In connection with our acquisitions of CURNA, OPKO Diagnostics, FineTech and Cytochroma we agreed to pay future consideration to the sellers upon the achievement of certain events, including minimum cash payments of $5.0 million to the former stockholder of FineTech upon the achievement of certain sales milestones, of which $2.7 million was paid in March 2013; up to an additional $19.1 million in shares of our Common Stock to the former stockholders of OPKO Diagnostics upon and subject to the achievement of certain milestones; and up to an additional $190.0 million in either shares of our Common Stock or cash, at our option subject to the achievement of certain milestones, to the former shareholders of Cytochroma. In connection with the acquisition of Farmadiet, we agreed to pay an additional €3.4 million (US$4.6 million) in August 2013 and €3.4 million (US$4.6 million) in February 2014 in cash or shares of our Common Stock. On August 2, 2013, we issued 585,703 shares of our Common Stock to satisfy the August 2013 obligation. Further, upon the achievement of certain development milestones, we are obligated to issue 125,000 shares of our Common Stock and €0.8 million (US$1.1 million) in shares of our Common Stock or cash, at our option.

As of September 30, 2013 , we have outstanding lines of credit in the aggregate amount of $11.4 million with 15 financial institutions in Chile and Spain, of which $5.6 million is unused. The weighted average interest rate on these lines of credit is approximately 7.4% . These lines of credit are short-term and are generally due within three months. These lines of credit are used primarily as a source of working capital for inventory purchases. The highest balance at any time during the nine months ended September 30, 2013 , was $16.6 million. We intend to continue to enter into these lines of credit as needed. There is no assurance that these lines of credit or other funding sources will be available to us on acceptable terms, or at all, in the future.
We expect to incur losses from operations for the foreseeable future. We expect to incur substantial research and development expenses, including expenses related to the hiring of personnel and additional clinical trials. We expect that selling, general and administrative expenses will also increase as we expand our sales, marketing and administrative staff and add infrastructure.

We believe that the cash, cash equivalents, and marketable securities on hand at September 30, 2013 , which include the net proceeds from the Notes, and the amounts available to be borrowed under our lines of credit are sufficient to meet our anticipated cash requirements for operations and debt service beyond the next 12 months. We based this estimate on assumptions that may prove to be wrong or are subject to change, and we may be required to use our available cash resources sooner than we currently expect. If we acquire additional assets or companies, accelerate our product development programs or initiate additional clinical trials, we will need additional funds.
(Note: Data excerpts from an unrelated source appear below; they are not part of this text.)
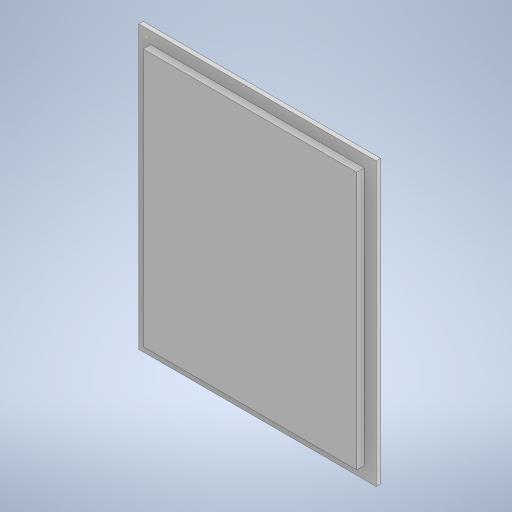
# Autodesk Inventor part: pokrywa
Saved by Autodesk Inventor 2023 (Build 270158000, 158)
## iProperties
Created: 2022-11-15
Part Number: pokrywa
Material: Generic
Document SubType Name: Modeling
Designer: Kamil
Density: 1 g/cm^3
Appearance: Default
Author: Kamil
Autodesk Inventor part; units mm, degrees
ref_plane "YZ Plane" through (0, 0, 0) normal (1, 0, 0) x (0, 1, 0)
ref_plane "XZ Plane" through (0, 0, 0) normal (0, 1, 0) x (-1, 0, 0)
ref_plane "XY Plane" through (0, 0, 0) normal (0, 0, 1) x (1, 0, 0)
sketch "Sketch1" plane through (0, 0, 0) normal (0, 0, 1) x (1, 0, 0)
  point P0 (0, 0)
sketch "Sketch2" plane through (0, 0, 0) normal (0, 0, 1) x (1, 0, 0)
  line L0 (0, 0) -> (149.8, 0)
  line L1 (149.8, 0) -> (149.8, -179.8)
  line L2 (149.8, -179.8) -> (0, -179.8)
  line L3 (0, -179.8) -> (0, 0)
  line L4 (0, -179.8) -> (160, -179.8)
  line L5 (160, -179.8) -> (160, 10.2)
  line L6 (0, 10.2) -> (0, -179.8)
  line L7 (0, 10.2) -> (160, 10.2)
  line L8 (-5.1, -184.9) -> (154.9, -184.9)
  line L9 (154.9, -184.9) -> (154.9, 5.1)
  line L10 (154.9, 5.1) -> (-5.1, 5.1)
  line L11 (-5.1, 5.1) -> (-5.1, -184.9)
  line L12 (146.8, -176.8) -> (3, -176.8)
  line L13 (3, -176.8) -> (3, -3)
  line L14 (3, -3) -> (146.8, -3)
  line L15 (146.8, -3) -> (146.8, -176.8)
  dimension "d21" = 5.1
  dimension "d22" = 190
  dimension "d23" = 160
  dimension "d28" = 8.1
  constraints: 32 end point, 7 parallel, 4 perpendicular, 3 horizontal, 6 other
  measures "d21" distance between parallel lines of L2 L8
  measures "d22" distance of L10.end L8.start
  measures "d23" distance of L8.start L8.end
  measures "d28" distance between parallel lines of L8 L12
extrude "Extrusion4" add sketch "Sketch2" against normal blind 3 contours L6 L10 L9 L4 L1 L0 | L0 L1 L2 L3 | L3 L2 L4 L9 L8 L11 L10 L6 | L12 L13 L14 L15
extrude "Extrusion6" add sketch "Sketch2" along normal blind 5 contours L12 L13 L14 L15
body "Solid2"

Our future cash requirements will depend on a number of factors, including possible acquisitions, the continued progress of research and development of our product candidates, the timing and outcome of clinical trials and regulatory approvals, the costs involved in preparing, filing, prosecuting, maintaining, defending, and enforcing patent claims and other intellectual property rights, the status of competitive products, the availability of financing, and our success in developing markets for our product candidates. If we are not able to secure additional funding when needed, we may have to delay, reduce the scope of, or eliminate one or more of our clinical trials or research and development programs or possible acquisitions.